ABOUT THIS EXERCISE
Below are lines of data. Give the number of them that contain the string "CIRCLE", and nothing else.

========

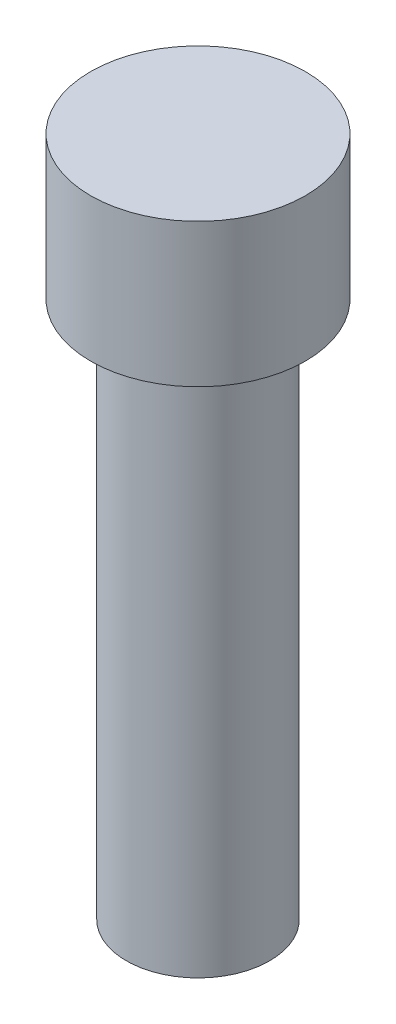
ISO-10303-21;
HEADER;
FILE_DESCRIPTION(('STEP AP214'),'2;1');
FILE_NAME('part.step','',(''),(''),'','','');
FILE_SCHEMA(('AUTOMOTIVE_DESIGN { 1 0 10303 214 1 1 1 1 }'));
ENDSEC;
DATA;
#1=APPLICATION_CONTEXT('core data for automotive mechanical design processes');
#2=APPLICATION_PROTOCOL_DEFINITION('international standard','automotive_design',2000,#1);
#3=PRODUCT_CONTEXT('',#1,'mechanical');
#4=PRODUCT('Part','Part','',(#3));
#5=PRODUCT_RELATED_PRODUCT_CATEGORY('part','',(#4));
#6=PRODUCT_DEFINITION_FORMATION('','',#4);
#7=PRODUCT_DEFINITION_CONTEXT('part definition',#1,'design');
#8=PRODUCT_DEFINITION('design','',#6,#7);
#9=PRODUCT_DEFINITION_SHAPE('','',#8);
#10=(LENGTH_UNIT() NAMED_UNIT(*) SI_UNIT(.MILLI.,.METRE.));
#11=(NAMED_UNIT(*) PLANE_ANGLE_UNIT() SI_UNIT($,.RADIAN.));
#12=(NAMED_UNIT(*) SI_UNIT($,.STERADIAN.) SOLID_ANGLE_UNIT());
#13=UNCERTAINTY_MEASURE_WITH_UNIT(LENGTH_MEASURE(1.E-05),#10,'distance_accuracy_value','');
#14=(GEOMETRIC_REPRESENTATION_CONTEXT(3) GLOBAL_UNCERTAINTY_ASSIGNED_CONTEXT((#13)) GLOBAL_UNIT_ASSIGNED_CONTEXT((#10,
#11,#12)) REPRESENTATION_CONTEXT('',''));
#15=CARTESIAN_POINT('',(0.,0.,0.));
#16=DIRECTION('',(0.,0.,1.));
#17=DIRECTION('',(1.,0.,0.));
#18=AXIS2_PLACEMENT_3D('',#15,#16,#17);
#19=CARTESIAN_POINT('',(0.,0.,0.));
#20=DIRECTION('',(0.,1.,0.));
#21=DIRECTION('',(0.,0.,1.));
#22=AXIS2_PLACEMENT_3D('',#19,#20,#21);
#23=PLANE('',#22);
#24=CARTESIAN_POINT('',(0.,0.,0.));
#25=DIRECTION('',(0.,-1.,0.));
#26=DIRECTION('',(0.,0.,-1.));
#27=AXIS2_PLACEMENT_3D('',#24,#25,#26);
#28=CIRCLE('',#27,1.99999999999999);
#29=CARTESIAN_POINT('',(0.,0.,-1.99999999999999));
#30=VERTEX_POINT('',#29);
#31=EDGE_CURVE('E10',#30,#30,#28,.T.);
#32=ORIENTED_EDGE('',*,*,#31,.T.);
#33=EDGE_LOOP('',(#32));
#34=FACE_BOUND('',#33,.T.);
#35=ADVANCED_FACE('F32',(#34),#23,.F.);
#36=CARTESIAN_POINT('',(0.,0.,0.));
#37=DIRECTION('',(0.,-1.,0.));
#38=DIRECTION('',(0.,0.,-1.));
#39=AXIS2_PLACEMENT_3D('',#36,#37,#38);
#40=CYLINDRICAL_SURFACE('',#39,1.99999999999999);
#41=ORIENTED_EDGE('',*,*,#31,.F.);
#42=EDGE_LOOP('',(#41));
#43=FACE_BOUND('',#42,.T.);
#44=CARTESIAN_POINT('',(0.,15.,0.));
#45=DIRECTION('',(0.,-1.,0.));
#46=DIRECTION('',(0.,0.,-1.));
#47=AXIS2_PLACEMENT_3D('',#44,#45,#46);
#48=CIRCLE('',#47,2.);
#49=CARTESIAN_POINT('',(0.,15.,-2.));
#50=VERTEX_POINT('',#49);
#51=EDGE_CURVE('E38',#50,#50,#48,.T.);
#52=ORIENTED_EDGE('',*,*,#51,.T.);
#53=EDGE_LOOP('',(#52));
#54=FACE_BOUND('',#53,.T.);
#55=ADVANCED_FACE('F64',(#43,#54),#40,.T.);
#56=CARTESIAN_POINT('',(-2.,15.,0.));
#57=DIRECTION('',(0.,1.,0.));
#58=DIRECTION('',(0.,0.,1.));
#59=AXIS2_PLACEMENT_3D('',#56,#57,#58);
#60=PLANE('',#59);
#61=ORIENTED_EDGE('',*,*,#51,.F.);
#62=EDGE_LOOP('',(#61));
#63=FACE_BOUND('',#62,.T.);
#64=CARTESIAN_POINT('',(0.,15.,0.));
#65=DIRECTION('',(0.,-1.,0.));
#66=DIRECTION('',(0.,0.,-1.));
#67=AXIS2_PLACEMENT_3D('',#64,#65,#66);
#68=CIRCLE('',#67,3.);
#69=CARTESIAN_POINT('',(0.,15.,-3.));
#70=VERTEX_POINT('',#69);
#71=EDGE_CURVE('E42',#70,#70,#68,.T.);
#72=ORIENTED_EDGE('',*,*,#71,.T.);
#73=EDGE_LOOP('',(#72));
#74=FACE_BOUND('',#73,.T.);
#75=ADVANCED_FACE('F60',(#63,#74),#60,.F.);
#76=CARTESIAN_POINT('',(0.,0.,0.));
#77=DIRECTION('',(0.,-1.,0.));
#78=DIRECTION('',(0.,0.,-1.));
#79=AXIS2_PLACEMENT_3D('',#76,#77,#78);
#80=CYLINDRICAL_SURFACE('',#79,3.);
#81=ORIENTED_EDGE('',*,*,#71,.F.);
#82=EDGE_LOOP('',(#81));
#83=FACE_BOUND('',#82,.T.);
#84=CARTESIAN_POINT('',(0.,19.,0.));
#85=DIRECTION('',(0.,-1.,0.));
#86=DIRECTION('',(0.,0.,-1.));
#87=AXIS2_PLACEMENT_3D('',#84,#85,#86);
#88=CIRCLE('',#87,3.);
#89=CARTESIAN_POINT('',(0.,19.,-3.));
#90=VERTEX_POINT('',#89);
#91=EDGE_CURVE('E46',#90,#90,#88,.T.);
#92=ORIENTED_EDGE('',*,*,#91,.T.);
#93=EDGE_LOOP('',(#92));
#94=FACE_BOUND('',#93,.T.);
#95=ADVANCED_FACE('F52',(#83,#94),#80,.T.);
#96=CARTESIAN_POINT('',(-3.,19.,0.));
#97=DIRECTION('',(0.,-1.,0.));
#98=DIRECTION('',(0.,0.,-1.));
#99=AXIS2_PLACEMENT_3D('',#96,#97,#98);
#100=PLANE('',#99);
#101=ORIENTED_EDGE('',*,*,#91,.F.);
#102=EDGE_LOOP('',(#101));
#103=FACE_BOUND('',#102,.T.);
#104=ADVANCED_FACE('F54',(#103),#100,.F.);
#105=CLOSED_SHELL('',(#35,#55,#75,#95,#104));
#106=MANIFOLD_SOLID_BREP('B2',#105);
#107=ADVANCED_BREP_SHAPE_REPRESENTATION('',(#18,#106),#14);
#108=SHAPE_DEFINITION_REPRESENTATION(#9,#107);
ENDSEC;
END-ISO-10303-21;

========

EXERCISE ANSWER
4